Но Никтошка не хотел, чтобы другие знали про Вилку, и он сказал Шприцу:
– Нет, Шприц. Я пока до этого еще не дошел, чтобы самого себя балдой обзывать.
– Ну, тогда смотри, – сказал доктор. – Если вдруг заметишь, что сам с собой разговариваешь – обращайся прямо ко мне. Я тебя вылечу. У меня, знаешь ли, такое замечательное лекарство есть. Я тебе несколько уколов пропишу, поколю недельку, ну, может, две – не больше. И всё как рукой снимет.
От предложения Шприца Никтошку передернуло. Но он постарался быть вежливым и сказал:
– Конечно, Шприц. Если только начну разговаривать сам с собой – сразу к тебе.
– Молодец! И если увидишь, что кто-нибудь другой сам с собой разговаривает, ты мне скажи. Может, людишке помощь требуется, а он этого и сам не знает.
– А что, разве Всезнайка не знает, что сам с собой разговаривает?
– Раньше не знал. Пришлось мне его на магнитофон записать, чтобы он поверил. Я ему время от времени уколы назначаю. Тогда у него это реже проявляется.
– Что?
– Ну… разговоры с самим собой.
– А…
«Странно получается, – думал иногда Никтошка. – Видно ведь, что другим со мной интересно поговорить. Почему же со мной никто не дружит?»
Но с ним никто не дружил. Разумеется, кроме Вилки. Но Вилка же был не совсем настоящий людишка. А если кто-нибудь из настоящих людишек с Никтошкой заговаривал, то Никтошка почему-то старался как можно скорее закончить разговор и куда-нибудь убежать подальше.

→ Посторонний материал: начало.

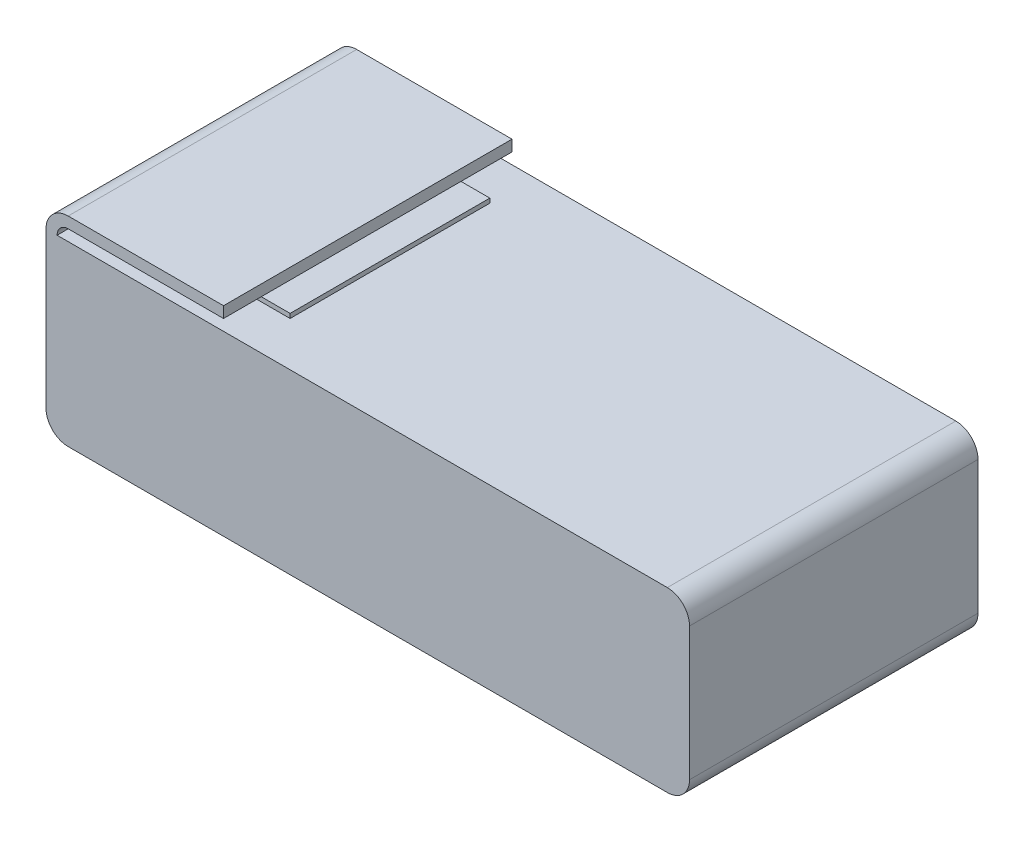
from build123d import *

# Parameters (mm, degrees)
BOSS_EXTRUDE1_DEPTH = 32.5
BOSS_EXTRUDE2_DEPTH = 2.5
SKETCH3_W           = 15
SKETCH3_H           = 45
BOSS_EXTRUDE3_DEPTH = 1
SKETCH4_W           = 25
SKETCH4_H           = 55
BOSS_EXTRUDE4_DEPTH = 1


with BuildPart() as part:
    # Sketch1 → Boss-Extrude1 (new, symmetric)
    with BuildSketch(Plane.XY):
        with BuildLine():
            Line((5, 0), (140, 0))
            ThreePointArc((140, 0), (143.535533906, 1.464466094), (145, 5))
            Line((145, 5), (145, 35))
            ThreePointArc((145, 35), (143.535533906, 38.535533906), (140, 40))
            Line((140, 40), (10, 40))
            Line((10, 40), (10, 37.5))
            Line((10, 37.5), (140, 37.5))
            ThreePointArc((140, 37.5), (141.767766953, 36.767766953), (142.5, 35))
            Line((142.5, 35), (142.5, 5))
            ThreePointArc((142.5, 5), (141.767766953, 3.232233047), (140, 2.5))
            Line((140, 2.5), (5, 2.5))
            ThreePointArc((5, 2.5), (3.232233047, 3.232233047), (2.5, 5))
            Line((2.5, 5), (2.5, 40))
            ThreePointArc((2.5, 40), (3.232233047, 41.767766953), (5, 42.5))
            Line((5, 42.5), (40, 42.5))
            Line((40, 42.5), (40, 45))
            Line((40, 45), (5, 45))
            ThreePointArc((5, 45), (1.464466094, 43.535533906), (0, 40))
            Line((0, 40), (0, 5))
            ThreePointArc((0, 5), (1.464466094, 1.464466094), (5, 0))
        make_face()
    extrude(amount=BOSS_EXTRUDE1_DEPTH, both=True)

    # Sketch2 → Boss-Extrude2 (add)
    with BuildSketch(Plane.XY.offset(32.5)):
        with BuildLine():
            Line((0, 40), (0, 5))
            ThreePointArc((0, 5), (1.464466094, 1.464466094), (5, 0))
            Line((5, 0), (140, 0))
            ThreePointArc((140, 0), (143.535533906, 1.464466094), (145, 5))
            Line((145, 5), (145, 35))
            ThreePointArc((145, 35), (143.535533906, 38.535533906), (140, 40))
            Line((140, 40), (0, 40))
        make_face()
    boss_extrude2 = extrude(amount=-BOSS_EXTRUDE2_DEPTH)

    # Mirror1: Boss-Extrude2 across plane
    add(boss_extrude2.mirror(Plane.XY))

    # Sketch3 → Boss-Extrude3 (add)
    with BuildSketch(Plane(origin=(0, 40, 0), x_dir=(1, 0, 0), z_dir=(0, 1, 0))):
        with Locations((37.5, 0)):
            Rectangle(SKETCH3_W, SKETCH3_H)
    extrude(amount=BOSS_EXTRUDE3_DEPTH)

    # Sketch4 → Boss-Extrude4 (add)
    with BuildSketch(Plane.XZ):
        with Locations((22.5, 0)):
            Rectangle(SKETCH4_W, SKETCH4_H)
        with Locations((122.5, 0)):
            Rectangle(SKETCH4_W, SKETCH4_H)
    extrude(amount=BOSS_EXTRUDE4_DEPTH)


solid = part.part
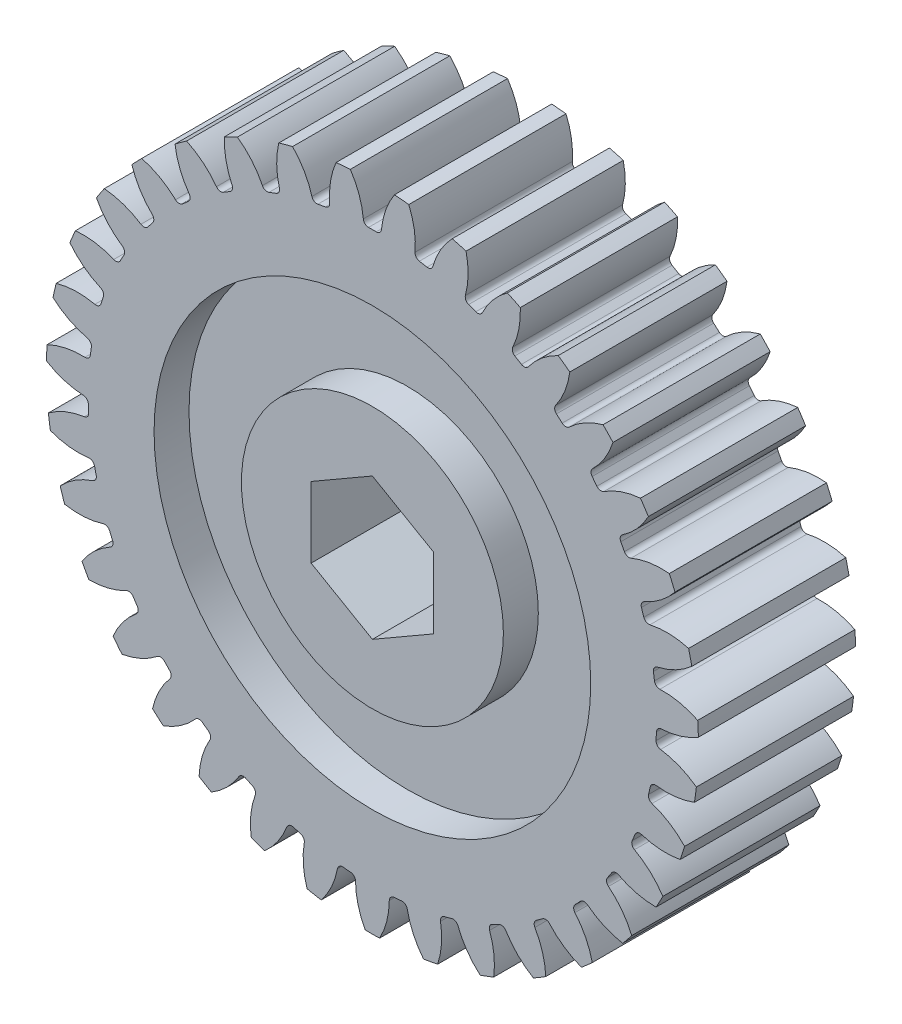
from build123d import *

# Parameters (mm, degrees)
SKIZZE1_R                       = 18.6665
AUFSATZ_LINEAR_AUSTRAGEN1_DEPTH = 4.5
SKIZZE4_R                       = 12.5
SKIZZE4_R_2                     = 7.5
SCHNITT_LINEAR_AUSTRAGEN2_DEPTH = 2
SCHNITT_LINEAR_AUSTRAGEN3_DEPTH = 28.890436434
KREISMUSTER1_COUNT              = 35
SKIZZE8_R                       = 6
AUFSATZ_LINEAR_AUSTRAGEN2_DEPTH = 1
SCHNITT_LINEAR_AUSTRAGEN4_DEPTH = 29.225773279


with BuildPart() as part:
    # Skizze1 → Aufsatz-Linear austragen1 (new, symmetric)
    with BuildSketch(Plane.XY):
        Circle(SKIZZE1_R)
    extrude(amount=AUFSATZ_LINEAR_AUSTRAGEN1_DEPTH, both=True)

    # Skizze4 → Schnitt-Linear austragen2 (cut)
    with BuildSketch(Plane.XY.offset(4.5)):
        Circle(SKIZZE4_R)
        Circle(SKIZZE4_R_2, mode=Mode.SUBTRACT)
    extrude(amount=-SCHNITT_LINEAR_AUSTRAGEN2_DEPTH, mode=Mode.SUBTRACT)

    # Skizze6 → Schnitt-Linear austragen3 (cut, through all)
    with BuildSketch(Plane.XY.offset(4.5)):
        with BuildLine():
            Line((-0.219874756, 16.267), (0.219874756, 16.267))
            ThreePointArc((0.219874756, 16.267), (0.421386888, 16.344754953), (0.518441911, 16.537714262))
            ThreePointArc((0.518441911, 16.537714262), (1.009154991, 18.192876188), (2.08, 19.547))
            ThreePointArc((2.08, 19.547), (0, 19.667581665), (-2.08, 19.547))
            ThreePointArc((-2.08, 19.547), (-1.009154991, 18.192876188), (-0.518441911, 16.537714262))
            ThreePointArc((-0.518441911, 16.537714262), (-0.421386888, 16.344754953), (-0.219874756, 16.267))
        make_face()
    schnitt_linear_austragen3 = extrude(amount=-SCHNITT_LINEAR_AUSTRAGEN3_DEPTH, mode=Mode.SUBTRACT)

    # Kreismuster1: Schnitt-Linear austragen3 ×35 about axis
    kreismuster1_axis = Axis((0, 0, 0), (0, 0, 1))
    for i in range(1, KREISMUSTER1_COUNT):
        add(schnitt_linear_austragen3.rotate(kreismuster1_axis, i * 360 / KREISMUSTER1_COUNT), mode=Mode.SUBTRACT)

    # Skizze8 → Aufsatz-Linear austragen2 (add)
    with BuildSketch(Plane(origin=(0, 0, -4.5), x_dir=(-1, 0, 0), z_dir=(0, 0, -1))):
        with Locations(Location((0, 0, 0), (0, 0, 180))):
            Circle(SKIZZE8_R)
    extrude(amount=AUFSATZ_LINEAR_AUSTRAGEN2_DEPTH)

    # Skizze7 → Schnitt-Linear austragen4 (cut, through all)
    with BuildSketch(Plane.XY.offset(4.5)):
        Polygon((0, 4.05), (-3.507402885, 2.025), (-3.507402885, -2.025), (0, -4.05), (3.507402885, -2.025), (3.507402885, 2.025), align=None)
    extrude(amount=-SCHNITT_LINEAR_AUSTRAGEN4_DEPTH, mode=Mode.SUBTRACT)


solid = part.part
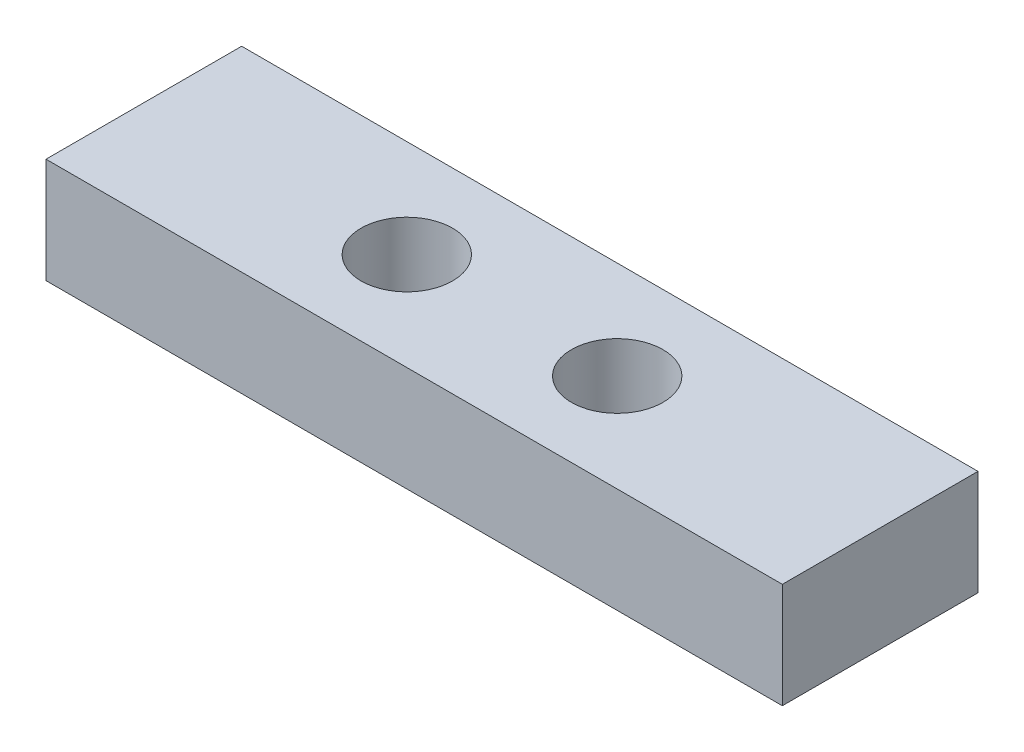
from build123d import *

# Parameters (mm, degrees)
SKETCH_1_W      = 35
SKETCH_1_H      = 9.3
SKETCH_1_R      = 2.175
EXTRUDE_1_DEPTH = 5


with BuildPart() as part:
    # 草图1 → 凸台-拉伸1 (new body)
    with BuildSketch(Plane(origin=(0, 0, 0), x_dir=(1, 0, 0), z_dir=(0, 1, 0))):
        Rectangle(SKETCH_1_W, SKETCH_1_H)
        with Locations(Location((-5, 0, 0), (0, 0, 270))):
            Circle(SKETCH_1_R, mode=Mode.SUBTRACT)
        with Locations(Location((5, 0, 0), (0, 0, 90))):
            Circle(SKETCH_1_R, mode=Mode.SUBTRACT)
    extrude(amount=EXTRUDE_1_DEPTH)


solid = part.part

Вот и сейчас, поговорив немного со Шприцом, Никтошка поскорее улизнул из дома и помчался в лес. А ведь Шприцу можно было рассказать про замечательную сказку, которую Никтошка недавно прочитал.
Это как раз была сказка про одного врача, который до этого был художником. Или, вернее, про одного художника, который потом стал врачом. А врачом он стал потому, что, оказывается, у него была волшебная рука. Если кто болел – он мог нарисовать, как больной выздоровел – и тот выздоравливал. У художника было такое сильное воображение, что оно побеждало любую болезнь. Допустим, людишка заболел гриппом, а художник сразу же представлял себе, что этот людишка здоровый. На лыжах катается и мороженое ест. И рисовал такую картину. И как только картина была готова, людишка сразу же выздоравливал! Или если людишка ломал ногу – стоило художнику нарисовать его с целой ногой, как перелом тут же заживал. В этой сказке даже ученый был, который открыл, почему от картин художника все выздоравливали. Но этот ученый разговаривал такими словами, которые Никтошке были непонятны. Какие-то длинные слова, начинающиеся на психофизи… а может, на психовизи… – и что-то еще там такое, о чем Никтошка понятия не имел. Интересно было бы Шприца об этом спросить – он наверняка знает.
Но общаться с другими людишками было Никтошке тяжело. Он просто всегда ужасно стеснялся! Чувствовал себя таким неловким! После того как поговорит с кем-нибудь, он все думал: «А вдруг я ему что-нибудь не то сказал? А прилично вообще такое говорить? А вдруг он обиделся? А вдруг я его чем-то задел?»
Например, если разговариваешь с поваром Кастрюлей, все время нужно думать, как бы не сказать что-нибудь не то про толстых. Или про тех, кто много ест. А если говоришь с Пустомелей – как бы не упомянуть тех, кто ничего не читал и пишет только печатными буквами. А у художника Мальберта такой кривой нос, что Никтошка всегда боялся – вдруг Мальберт как-нибудь поймет, что Никтошке его нос не нравится. А Никтошке на самом деле не ненравился его нос, а ему очень было Мальберта из-за этого носа жалко. «Тяжело ему, наверно, такой нос на лице носить», – думал Никтошка. И он боялся – как бы Мальберт не понял, что Никтошка об этом думает. Он даже старался не думать, если рядом оказывался Мальберт. Но, как назло: мысль о носе Мальберта начинала вертеться в голове – стоило Никтошке подумать, что эта мысль нехорошая.